Task details
Locate each line in the records containing "Rectangle". Copy it.

Data supplied
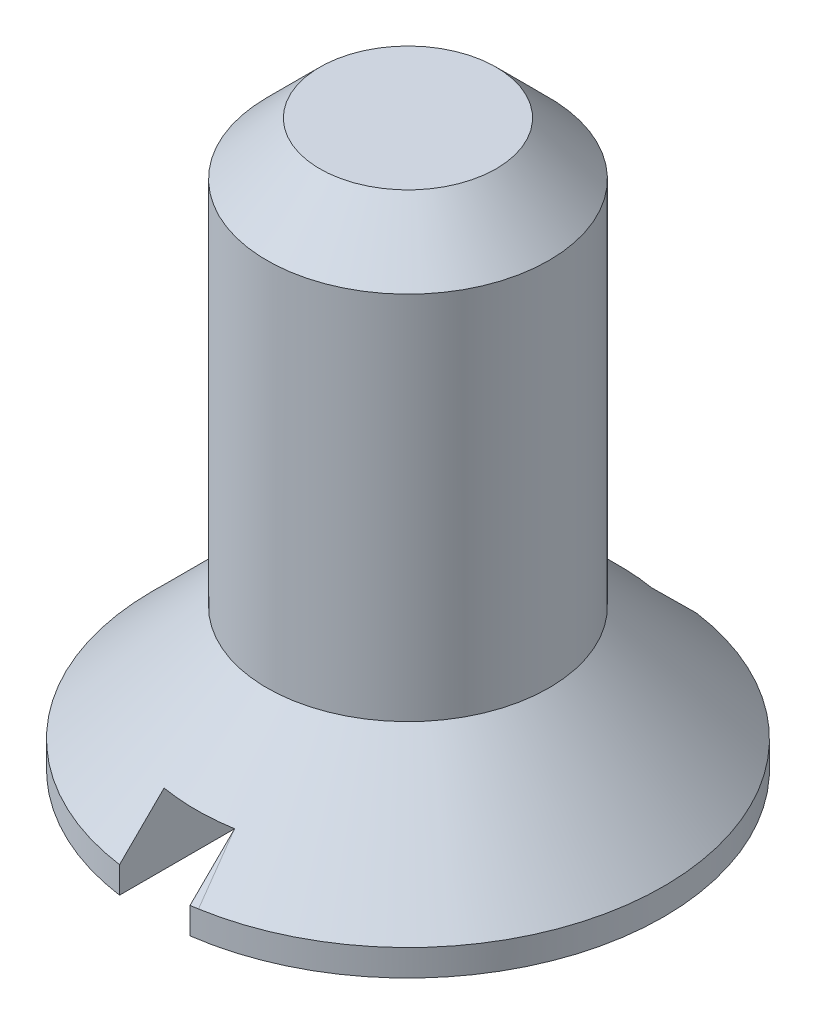
from build123d import *

# Parameters (mm, degrees)
SKETCH_1_W          = 4
SKETCH_1_H          = 12
SKETCH_2_W          = 2
SKETCH_2_H          = 2
CUT_EXTRUDE_1_DEPTH = 10
CHAMFER_1_SIZE      = 1.5


with BuildPart() as part:
    # Эскиз1 → Повернуть1 (revolve)
    with BuildSketch(Plane.XY):
        with Locations((-2, 10)):
            Rectangle(SKETCH_1_W, SKETCH_1_H)
        Polygon((-7.25, 0), (0, 0), (0, 4), (-4, 4), (-7.25, 0.75), align=None)
    revolve(axis=Axis((0, 16, 0), (0, -1, 0)))

    # Эскиз2 → Вырез-Вытянуть1 (cut, symmetric)
    with BuildSketch(Plane.XY):
        with Locations((0, 1)):
            Rectangle(SKETCH_2_W, SKETCH_2_H)
    extrude(amount=CUT_EXTRUDE_1_DEPTH, both=True, mode=Mode.SUBTRACT)

    # Фаска1
    chamfer_1_edges = [part.edges().sort_by_distance(p)[0] for p in [
        (4, 16, 0),
    ]]
    chamfer(chamfer_1_edges, length=CHAMFER_1_SIZE)


solid = part.part

Solution for this problem
            Rectangle(SKETCH_1_W, SKETCH_1_H)
            Rectangle(SKETCH_2_W, SKETCH_2_H)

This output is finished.